**Task goal:**
One part of the entries below is wanted: the lines from the one containing "Flat Pattern Area: 7102.85 cm^2" through the one containing "circle A0 centre (0, 203.1923) radius 40". Write those out exactly and nothing else.

**Provided material:**
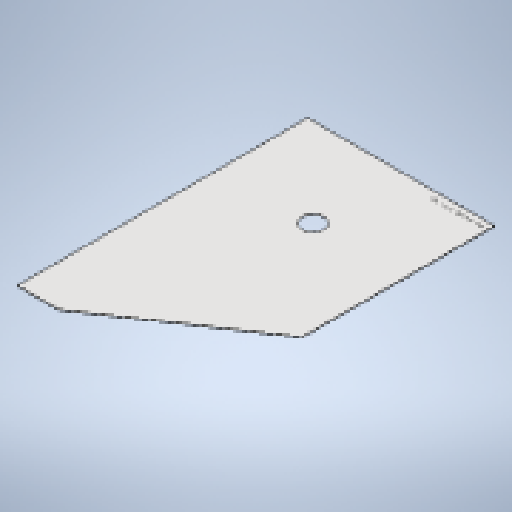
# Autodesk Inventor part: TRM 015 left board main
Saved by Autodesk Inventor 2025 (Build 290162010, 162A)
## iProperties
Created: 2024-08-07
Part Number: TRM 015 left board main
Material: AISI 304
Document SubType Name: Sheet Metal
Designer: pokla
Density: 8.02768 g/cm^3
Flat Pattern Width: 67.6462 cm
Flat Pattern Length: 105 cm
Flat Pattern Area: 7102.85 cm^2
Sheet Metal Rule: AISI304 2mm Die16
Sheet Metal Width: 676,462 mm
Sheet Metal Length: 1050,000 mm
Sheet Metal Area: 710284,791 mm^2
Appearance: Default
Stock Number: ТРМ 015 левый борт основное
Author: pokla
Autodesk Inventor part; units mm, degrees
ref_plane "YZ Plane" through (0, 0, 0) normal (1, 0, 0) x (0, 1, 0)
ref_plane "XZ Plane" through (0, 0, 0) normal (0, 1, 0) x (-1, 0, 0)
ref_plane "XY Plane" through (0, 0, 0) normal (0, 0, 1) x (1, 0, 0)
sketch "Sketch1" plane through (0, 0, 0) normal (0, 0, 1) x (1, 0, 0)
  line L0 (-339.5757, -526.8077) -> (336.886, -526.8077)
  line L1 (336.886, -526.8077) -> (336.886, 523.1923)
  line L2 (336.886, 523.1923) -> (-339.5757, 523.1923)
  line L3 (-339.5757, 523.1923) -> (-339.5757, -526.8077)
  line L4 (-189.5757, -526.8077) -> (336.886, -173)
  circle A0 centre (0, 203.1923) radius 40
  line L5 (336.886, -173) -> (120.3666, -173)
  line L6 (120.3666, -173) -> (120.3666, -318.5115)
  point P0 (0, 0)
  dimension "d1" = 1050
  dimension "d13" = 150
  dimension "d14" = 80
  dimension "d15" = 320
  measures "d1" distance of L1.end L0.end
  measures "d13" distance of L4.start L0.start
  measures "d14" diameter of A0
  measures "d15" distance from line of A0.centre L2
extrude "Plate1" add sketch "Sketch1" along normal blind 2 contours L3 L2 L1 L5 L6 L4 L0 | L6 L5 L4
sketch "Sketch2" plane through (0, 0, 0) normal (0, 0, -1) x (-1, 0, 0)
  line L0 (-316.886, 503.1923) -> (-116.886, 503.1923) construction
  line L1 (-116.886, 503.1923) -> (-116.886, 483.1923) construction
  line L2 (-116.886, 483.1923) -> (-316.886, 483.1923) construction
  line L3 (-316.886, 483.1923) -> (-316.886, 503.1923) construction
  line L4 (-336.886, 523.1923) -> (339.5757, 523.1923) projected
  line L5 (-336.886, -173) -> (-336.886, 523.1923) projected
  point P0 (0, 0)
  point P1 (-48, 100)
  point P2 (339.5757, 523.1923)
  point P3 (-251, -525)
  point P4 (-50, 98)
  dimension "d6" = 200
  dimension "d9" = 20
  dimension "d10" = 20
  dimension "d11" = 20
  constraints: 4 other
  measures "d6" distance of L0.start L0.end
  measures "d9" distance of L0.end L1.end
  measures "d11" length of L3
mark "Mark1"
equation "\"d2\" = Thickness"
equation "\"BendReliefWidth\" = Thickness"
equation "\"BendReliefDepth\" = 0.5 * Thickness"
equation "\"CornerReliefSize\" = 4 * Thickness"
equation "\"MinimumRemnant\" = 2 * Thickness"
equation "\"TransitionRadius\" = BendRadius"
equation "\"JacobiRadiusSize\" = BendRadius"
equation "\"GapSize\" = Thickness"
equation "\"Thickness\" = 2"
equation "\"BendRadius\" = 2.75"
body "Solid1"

**Solution:**
Flat Pattern Area: 7102.85 cm^2
Sheet Metal Rule: AISI304 2mm Die16
Sheet Metal Width: 676,462 mm
Sheet Metal Length: 1050,000 mm
Sheet Metal Area: 710284,791 mm^2
Appearance: Default
Stock Number: ТРМ 015 левый борт основное
Author: pokla
Autodesk Inventor part; units mm, degrees
ref_plane "YZ Plane" through (0, 0, 0) normal (1, 0, 0) x (0, 1, 0)
ref_plane "XZ Plane" through (0, 0, 0) normal (0, 1, 0) x (-1, 0, 0)
ref_plane "XY Plane" through (0, 0, 0) normal (0, 0, 1) x (1, 0, 0)
sketch "Sketch1" plane through (0, 0, 0) normal (0, 0, 1) x (1, 0, 0)
  line L0 (-339.5757, -526.8077) -> (336.886, -526.8077)
  line L1 (336.886, -526.8077) -> (336.886, 523.1923)
  line L2 (336.886, 523.1923) -> (-339.5757, 523.1923)
  line L3 (-339.5757, 523.1923) -> (-339.5757, -526.8077)
  line L4 (-189.5757, -526.8077) -> (336.886, -173)
  circle A0 centre (0, 203.1923) radius 40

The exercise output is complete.